__WORK INSTRUCTIONS__. Set down exactly the lines below between the line holding "# Sketch22 →" and the line holding "extrude(amount=-CUT_EXTRUDE7_DEPTH, mode=Mode.SUBTRACT)", inclusive; no other line belongs in the answer.

__Items from a data source__.

☆ ☆ ☆ ☆

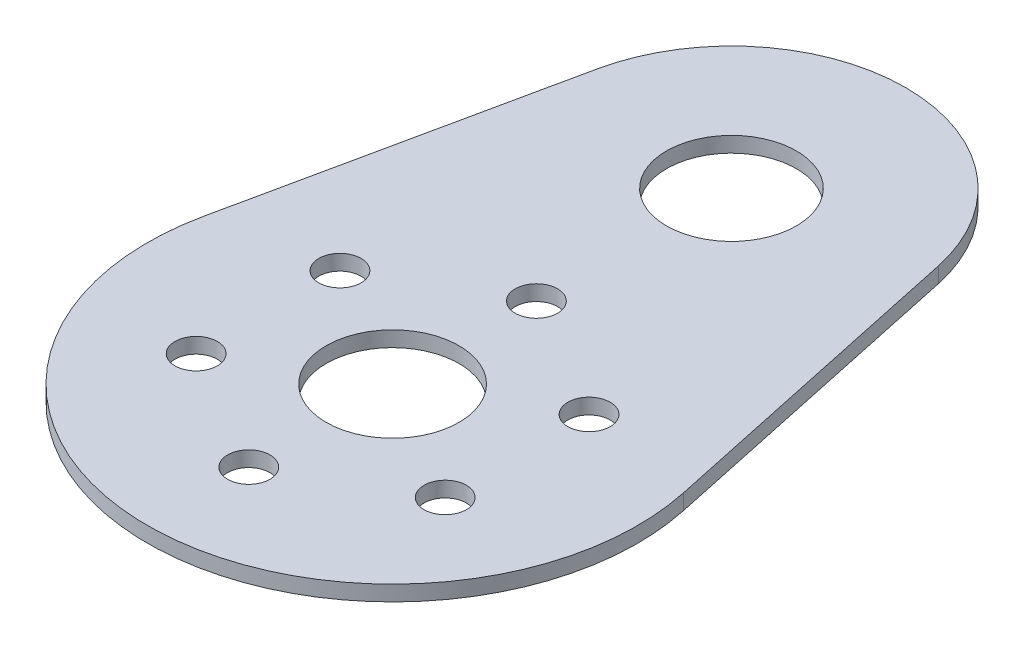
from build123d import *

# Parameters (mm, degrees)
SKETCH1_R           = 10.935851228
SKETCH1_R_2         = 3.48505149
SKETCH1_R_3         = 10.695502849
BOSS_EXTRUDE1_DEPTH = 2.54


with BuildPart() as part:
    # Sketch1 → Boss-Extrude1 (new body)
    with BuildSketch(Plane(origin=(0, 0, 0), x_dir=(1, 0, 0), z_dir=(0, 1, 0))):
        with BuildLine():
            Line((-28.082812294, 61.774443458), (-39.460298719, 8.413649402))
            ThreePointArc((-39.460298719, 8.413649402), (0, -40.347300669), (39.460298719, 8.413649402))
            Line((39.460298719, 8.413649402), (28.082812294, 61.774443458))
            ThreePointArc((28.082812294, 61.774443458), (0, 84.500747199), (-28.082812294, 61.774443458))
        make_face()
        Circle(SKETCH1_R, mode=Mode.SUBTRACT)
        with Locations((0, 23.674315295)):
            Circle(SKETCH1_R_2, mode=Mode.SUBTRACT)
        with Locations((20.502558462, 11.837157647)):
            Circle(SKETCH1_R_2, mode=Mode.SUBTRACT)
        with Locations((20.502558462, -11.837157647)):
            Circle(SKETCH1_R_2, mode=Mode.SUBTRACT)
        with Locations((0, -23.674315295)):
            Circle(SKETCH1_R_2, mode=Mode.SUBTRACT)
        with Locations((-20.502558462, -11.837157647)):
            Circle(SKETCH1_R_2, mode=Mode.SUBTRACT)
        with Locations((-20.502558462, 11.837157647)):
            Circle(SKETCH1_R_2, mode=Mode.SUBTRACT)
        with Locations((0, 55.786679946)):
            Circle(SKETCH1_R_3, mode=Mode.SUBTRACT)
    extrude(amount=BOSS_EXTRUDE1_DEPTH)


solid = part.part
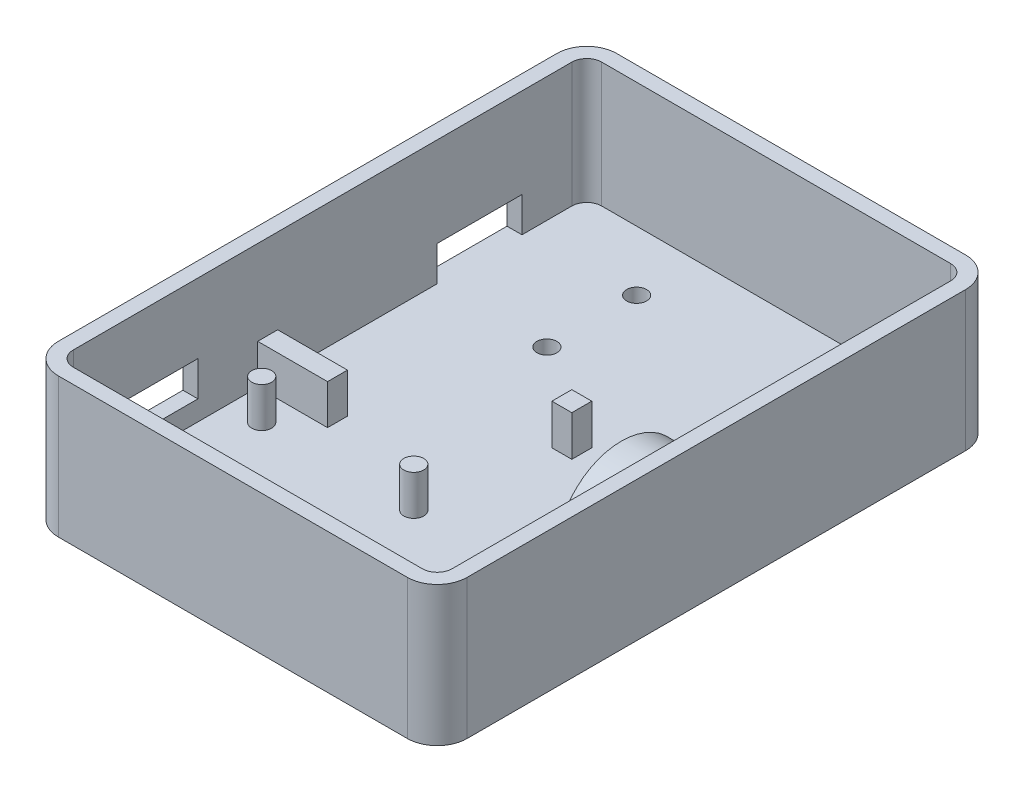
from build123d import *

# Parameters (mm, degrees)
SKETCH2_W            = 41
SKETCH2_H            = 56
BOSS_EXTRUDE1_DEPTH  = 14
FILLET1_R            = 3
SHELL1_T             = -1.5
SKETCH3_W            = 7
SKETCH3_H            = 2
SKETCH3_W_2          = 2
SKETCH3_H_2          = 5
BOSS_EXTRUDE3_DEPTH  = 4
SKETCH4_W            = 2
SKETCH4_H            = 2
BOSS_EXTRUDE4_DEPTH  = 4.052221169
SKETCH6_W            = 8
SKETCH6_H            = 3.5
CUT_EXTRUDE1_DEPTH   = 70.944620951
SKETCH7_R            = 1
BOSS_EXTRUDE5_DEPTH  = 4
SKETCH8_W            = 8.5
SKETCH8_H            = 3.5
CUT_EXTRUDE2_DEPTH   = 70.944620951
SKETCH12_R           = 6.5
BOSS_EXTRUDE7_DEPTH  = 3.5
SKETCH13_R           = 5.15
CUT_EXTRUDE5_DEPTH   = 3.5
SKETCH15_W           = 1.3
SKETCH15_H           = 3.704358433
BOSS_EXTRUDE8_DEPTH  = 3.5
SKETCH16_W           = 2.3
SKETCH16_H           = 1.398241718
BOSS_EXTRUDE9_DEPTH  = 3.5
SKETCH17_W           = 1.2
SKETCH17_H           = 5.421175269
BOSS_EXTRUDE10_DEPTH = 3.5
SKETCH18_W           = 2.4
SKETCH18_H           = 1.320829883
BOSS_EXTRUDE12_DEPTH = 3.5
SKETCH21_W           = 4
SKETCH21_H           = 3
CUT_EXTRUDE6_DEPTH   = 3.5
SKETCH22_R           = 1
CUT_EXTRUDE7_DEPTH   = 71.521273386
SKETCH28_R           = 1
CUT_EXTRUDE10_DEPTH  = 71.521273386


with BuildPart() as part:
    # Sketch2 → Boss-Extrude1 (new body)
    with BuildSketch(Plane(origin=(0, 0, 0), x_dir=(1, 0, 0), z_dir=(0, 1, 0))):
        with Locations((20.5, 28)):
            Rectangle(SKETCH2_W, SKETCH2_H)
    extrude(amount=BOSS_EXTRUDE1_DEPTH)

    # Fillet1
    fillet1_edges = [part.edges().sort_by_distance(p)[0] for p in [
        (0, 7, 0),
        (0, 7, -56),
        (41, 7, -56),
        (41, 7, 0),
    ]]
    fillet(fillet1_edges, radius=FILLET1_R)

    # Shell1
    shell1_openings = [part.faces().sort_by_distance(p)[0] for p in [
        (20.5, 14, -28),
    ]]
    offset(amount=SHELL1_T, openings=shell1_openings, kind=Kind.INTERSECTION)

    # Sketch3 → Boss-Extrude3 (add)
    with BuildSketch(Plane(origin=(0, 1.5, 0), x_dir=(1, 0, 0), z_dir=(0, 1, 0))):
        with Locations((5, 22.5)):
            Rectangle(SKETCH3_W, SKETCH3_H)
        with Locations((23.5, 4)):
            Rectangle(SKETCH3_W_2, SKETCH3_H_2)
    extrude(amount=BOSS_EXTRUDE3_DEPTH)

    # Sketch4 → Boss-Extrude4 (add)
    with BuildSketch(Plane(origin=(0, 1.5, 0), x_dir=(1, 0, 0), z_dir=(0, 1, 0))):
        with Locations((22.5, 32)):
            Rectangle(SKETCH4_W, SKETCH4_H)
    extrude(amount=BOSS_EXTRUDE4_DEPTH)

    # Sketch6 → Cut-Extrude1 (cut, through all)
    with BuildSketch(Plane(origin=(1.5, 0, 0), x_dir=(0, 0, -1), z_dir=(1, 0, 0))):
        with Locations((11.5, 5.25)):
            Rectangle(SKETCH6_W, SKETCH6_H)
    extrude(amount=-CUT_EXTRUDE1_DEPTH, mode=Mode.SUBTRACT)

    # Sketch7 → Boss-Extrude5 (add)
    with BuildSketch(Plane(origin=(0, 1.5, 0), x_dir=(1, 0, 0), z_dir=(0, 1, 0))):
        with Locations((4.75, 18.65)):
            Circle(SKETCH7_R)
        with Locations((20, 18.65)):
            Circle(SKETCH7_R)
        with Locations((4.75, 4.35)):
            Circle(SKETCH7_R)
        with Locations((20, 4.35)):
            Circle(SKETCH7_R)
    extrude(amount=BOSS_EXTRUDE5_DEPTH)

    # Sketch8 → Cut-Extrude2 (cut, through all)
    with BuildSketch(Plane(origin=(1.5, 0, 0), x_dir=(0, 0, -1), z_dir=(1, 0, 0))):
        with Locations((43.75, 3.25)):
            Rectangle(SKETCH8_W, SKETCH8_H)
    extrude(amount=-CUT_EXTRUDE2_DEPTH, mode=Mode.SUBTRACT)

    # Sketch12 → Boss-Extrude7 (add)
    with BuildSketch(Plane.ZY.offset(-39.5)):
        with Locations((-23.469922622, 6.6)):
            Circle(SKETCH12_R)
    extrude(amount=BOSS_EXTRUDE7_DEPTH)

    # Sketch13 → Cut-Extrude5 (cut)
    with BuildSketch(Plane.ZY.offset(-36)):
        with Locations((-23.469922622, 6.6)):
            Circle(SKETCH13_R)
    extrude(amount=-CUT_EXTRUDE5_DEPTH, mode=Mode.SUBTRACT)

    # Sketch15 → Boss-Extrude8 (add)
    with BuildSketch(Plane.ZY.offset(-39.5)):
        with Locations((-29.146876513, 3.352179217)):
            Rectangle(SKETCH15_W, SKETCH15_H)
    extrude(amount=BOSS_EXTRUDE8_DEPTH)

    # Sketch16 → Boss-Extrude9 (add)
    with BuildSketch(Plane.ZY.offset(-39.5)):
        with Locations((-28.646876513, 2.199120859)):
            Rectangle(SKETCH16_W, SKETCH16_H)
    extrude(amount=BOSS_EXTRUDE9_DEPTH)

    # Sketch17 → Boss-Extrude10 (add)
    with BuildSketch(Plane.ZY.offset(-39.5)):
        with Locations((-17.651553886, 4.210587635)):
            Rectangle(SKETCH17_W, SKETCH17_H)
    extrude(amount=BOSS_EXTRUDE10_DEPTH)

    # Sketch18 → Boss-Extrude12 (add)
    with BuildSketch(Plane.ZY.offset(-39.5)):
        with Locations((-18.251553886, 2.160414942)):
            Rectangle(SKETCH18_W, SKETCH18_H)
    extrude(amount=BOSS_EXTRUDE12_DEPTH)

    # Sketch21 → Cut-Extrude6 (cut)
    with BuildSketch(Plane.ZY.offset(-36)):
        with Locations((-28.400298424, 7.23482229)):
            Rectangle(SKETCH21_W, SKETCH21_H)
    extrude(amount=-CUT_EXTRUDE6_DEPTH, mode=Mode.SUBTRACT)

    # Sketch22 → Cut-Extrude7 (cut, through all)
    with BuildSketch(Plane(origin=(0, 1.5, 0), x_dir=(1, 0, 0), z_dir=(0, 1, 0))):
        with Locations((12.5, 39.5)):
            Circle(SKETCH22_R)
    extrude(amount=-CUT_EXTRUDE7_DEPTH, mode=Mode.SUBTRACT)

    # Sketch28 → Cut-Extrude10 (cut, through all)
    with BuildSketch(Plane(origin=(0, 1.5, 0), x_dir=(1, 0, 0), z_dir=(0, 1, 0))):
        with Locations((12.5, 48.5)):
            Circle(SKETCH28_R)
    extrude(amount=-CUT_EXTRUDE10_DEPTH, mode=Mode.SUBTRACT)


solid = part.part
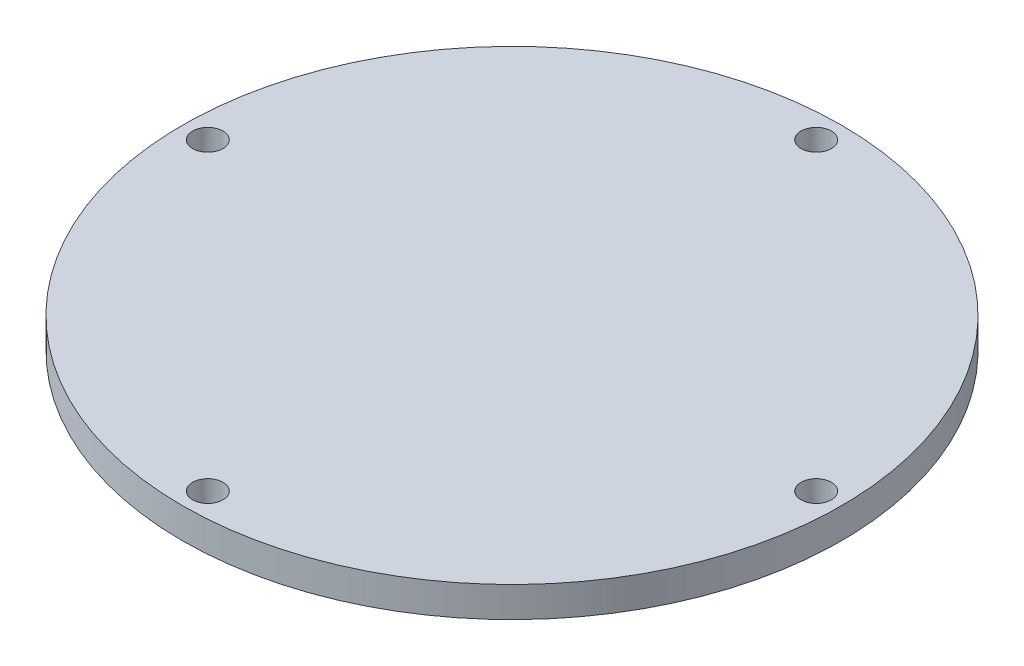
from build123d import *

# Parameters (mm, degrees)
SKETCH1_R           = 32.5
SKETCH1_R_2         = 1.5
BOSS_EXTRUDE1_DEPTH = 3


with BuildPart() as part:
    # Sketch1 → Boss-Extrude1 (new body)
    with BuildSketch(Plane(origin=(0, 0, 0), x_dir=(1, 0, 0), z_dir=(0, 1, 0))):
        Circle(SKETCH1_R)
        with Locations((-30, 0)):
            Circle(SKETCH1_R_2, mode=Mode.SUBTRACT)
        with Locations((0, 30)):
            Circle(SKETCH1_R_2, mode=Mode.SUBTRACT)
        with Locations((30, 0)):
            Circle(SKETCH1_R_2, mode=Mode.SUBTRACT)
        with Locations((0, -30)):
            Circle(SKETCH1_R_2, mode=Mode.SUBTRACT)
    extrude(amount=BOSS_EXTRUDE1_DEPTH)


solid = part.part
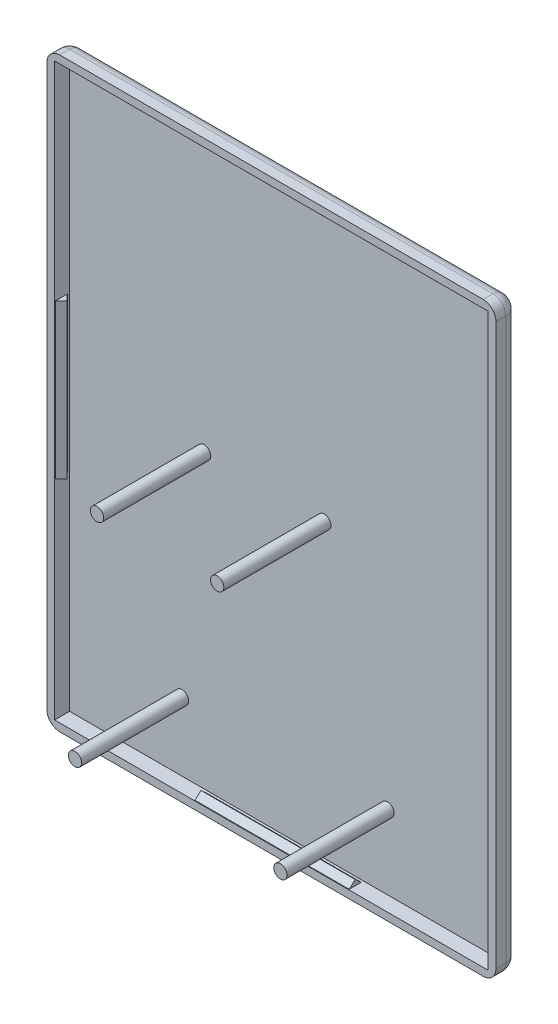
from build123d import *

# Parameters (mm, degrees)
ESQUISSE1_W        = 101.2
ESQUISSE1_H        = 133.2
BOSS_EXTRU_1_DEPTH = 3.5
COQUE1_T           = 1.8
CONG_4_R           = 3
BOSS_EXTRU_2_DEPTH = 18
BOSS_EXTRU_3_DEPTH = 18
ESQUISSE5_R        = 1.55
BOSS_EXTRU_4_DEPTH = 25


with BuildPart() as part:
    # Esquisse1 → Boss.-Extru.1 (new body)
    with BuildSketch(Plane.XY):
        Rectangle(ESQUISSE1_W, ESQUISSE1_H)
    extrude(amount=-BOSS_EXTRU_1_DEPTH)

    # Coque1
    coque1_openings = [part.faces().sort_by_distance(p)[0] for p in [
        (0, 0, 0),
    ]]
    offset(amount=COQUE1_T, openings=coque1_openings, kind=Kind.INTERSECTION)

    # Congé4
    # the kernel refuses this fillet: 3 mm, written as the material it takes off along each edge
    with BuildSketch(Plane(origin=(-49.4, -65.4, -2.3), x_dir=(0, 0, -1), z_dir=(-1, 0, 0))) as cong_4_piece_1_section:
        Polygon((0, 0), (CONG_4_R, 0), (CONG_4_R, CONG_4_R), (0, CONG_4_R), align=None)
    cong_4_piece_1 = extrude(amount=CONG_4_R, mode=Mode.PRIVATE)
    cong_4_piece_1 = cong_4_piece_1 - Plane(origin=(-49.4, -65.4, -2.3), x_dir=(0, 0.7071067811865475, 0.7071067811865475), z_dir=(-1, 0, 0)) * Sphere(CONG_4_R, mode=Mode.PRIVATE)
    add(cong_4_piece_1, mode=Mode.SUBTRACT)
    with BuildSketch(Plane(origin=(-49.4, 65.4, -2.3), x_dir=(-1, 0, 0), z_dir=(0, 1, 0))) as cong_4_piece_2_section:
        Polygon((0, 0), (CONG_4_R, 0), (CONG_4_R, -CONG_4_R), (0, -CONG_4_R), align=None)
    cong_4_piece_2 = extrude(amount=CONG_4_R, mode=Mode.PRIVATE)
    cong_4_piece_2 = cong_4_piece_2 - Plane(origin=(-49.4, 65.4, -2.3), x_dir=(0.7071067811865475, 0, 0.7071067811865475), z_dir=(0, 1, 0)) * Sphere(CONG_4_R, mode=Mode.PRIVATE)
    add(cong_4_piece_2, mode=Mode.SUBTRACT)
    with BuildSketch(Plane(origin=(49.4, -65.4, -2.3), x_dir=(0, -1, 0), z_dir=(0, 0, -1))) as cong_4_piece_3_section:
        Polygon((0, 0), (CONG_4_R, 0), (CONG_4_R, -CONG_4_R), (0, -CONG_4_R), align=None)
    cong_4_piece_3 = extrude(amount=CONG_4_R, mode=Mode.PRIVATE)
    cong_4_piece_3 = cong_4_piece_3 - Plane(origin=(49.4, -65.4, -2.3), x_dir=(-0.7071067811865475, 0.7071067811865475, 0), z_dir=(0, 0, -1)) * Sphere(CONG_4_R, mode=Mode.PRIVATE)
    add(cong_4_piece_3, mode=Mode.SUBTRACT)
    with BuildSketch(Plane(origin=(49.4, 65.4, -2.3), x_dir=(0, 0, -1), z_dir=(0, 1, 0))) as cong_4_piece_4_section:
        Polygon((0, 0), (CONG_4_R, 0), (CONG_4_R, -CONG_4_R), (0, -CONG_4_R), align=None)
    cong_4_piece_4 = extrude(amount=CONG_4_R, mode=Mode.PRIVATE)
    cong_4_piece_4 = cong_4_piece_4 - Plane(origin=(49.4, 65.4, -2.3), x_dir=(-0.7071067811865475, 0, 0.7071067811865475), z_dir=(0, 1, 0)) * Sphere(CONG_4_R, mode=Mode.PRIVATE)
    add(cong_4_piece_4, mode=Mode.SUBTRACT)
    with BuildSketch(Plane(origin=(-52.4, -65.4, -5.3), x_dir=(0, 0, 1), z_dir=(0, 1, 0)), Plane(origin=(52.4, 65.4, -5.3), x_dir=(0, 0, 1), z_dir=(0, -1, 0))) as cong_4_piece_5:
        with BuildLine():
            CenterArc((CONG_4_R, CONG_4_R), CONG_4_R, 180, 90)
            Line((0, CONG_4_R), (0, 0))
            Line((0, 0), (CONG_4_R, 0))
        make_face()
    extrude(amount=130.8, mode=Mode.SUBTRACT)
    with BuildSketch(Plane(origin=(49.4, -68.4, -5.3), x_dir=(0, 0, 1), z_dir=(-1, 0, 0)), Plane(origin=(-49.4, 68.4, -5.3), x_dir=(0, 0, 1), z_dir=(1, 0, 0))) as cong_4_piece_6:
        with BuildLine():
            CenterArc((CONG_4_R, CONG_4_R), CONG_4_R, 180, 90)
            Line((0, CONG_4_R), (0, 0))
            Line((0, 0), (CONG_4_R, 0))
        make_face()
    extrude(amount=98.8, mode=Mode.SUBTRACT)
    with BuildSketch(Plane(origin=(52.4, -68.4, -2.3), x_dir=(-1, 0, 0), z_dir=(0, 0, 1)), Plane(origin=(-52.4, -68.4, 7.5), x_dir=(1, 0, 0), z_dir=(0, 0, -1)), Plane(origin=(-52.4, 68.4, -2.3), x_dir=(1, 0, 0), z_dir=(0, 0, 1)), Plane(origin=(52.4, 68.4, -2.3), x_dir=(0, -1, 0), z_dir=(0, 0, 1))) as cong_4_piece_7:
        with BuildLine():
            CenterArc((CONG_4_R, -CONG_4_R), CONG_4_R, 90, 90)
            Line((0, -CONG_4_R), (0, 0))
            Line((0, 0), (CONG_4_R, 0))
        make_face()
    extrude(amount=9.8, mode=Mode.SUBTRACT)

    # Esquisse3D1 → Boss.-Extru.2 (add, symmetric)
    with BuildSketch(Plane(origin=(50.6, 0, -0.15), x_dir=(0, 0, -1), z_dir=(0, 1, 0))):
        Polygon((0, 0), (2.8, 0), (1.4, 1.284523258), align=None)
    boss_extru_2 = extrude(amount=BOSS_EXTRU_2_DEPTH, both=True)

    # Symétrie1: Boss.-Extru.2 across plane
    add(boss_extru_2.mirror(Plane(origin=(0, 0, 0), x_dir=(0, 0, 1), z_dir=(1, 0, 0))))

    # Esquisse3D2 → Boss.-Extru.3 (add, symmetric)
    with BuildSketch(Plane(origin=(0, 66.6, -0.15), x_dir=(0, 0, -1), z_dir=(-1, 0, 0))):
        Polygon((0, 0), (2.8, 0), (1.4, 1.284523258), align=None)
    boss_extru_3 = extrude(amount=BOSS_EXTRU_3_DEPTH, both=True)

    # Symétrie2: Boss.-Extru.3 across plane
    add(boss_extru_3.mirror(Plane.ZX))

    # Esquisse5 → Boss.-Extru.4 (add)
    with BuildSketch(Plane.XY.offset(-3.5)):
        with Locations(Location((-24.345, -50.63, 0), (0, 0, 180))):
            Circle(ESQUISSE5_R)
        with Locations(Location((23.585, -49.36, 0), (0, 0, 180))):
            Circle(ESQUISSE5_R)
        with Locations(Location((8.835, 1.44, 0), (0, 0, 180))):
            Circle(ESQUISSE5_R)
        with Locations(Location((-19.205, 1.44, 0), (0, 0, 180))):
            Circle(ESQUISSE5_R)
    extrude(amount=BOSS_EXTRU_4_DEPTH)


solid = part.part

☆ ☆ ☆ ☆

__ANSWER AREA__.
    # Sketch22 → Cut-Extrude7 (cut, through all)
    with BuildSketch(Plane(origin=(0, 1.5, 0), x_dir=(1, 0, 0), z_dir=(0, 1, 0))):
        with Locations((12.5, 39.5)):
            Circle(SKETCH22_R)
    extrude(amount=-CUT_EXTRUDE7_DEPTH, mode=Mode.SUBTRACT)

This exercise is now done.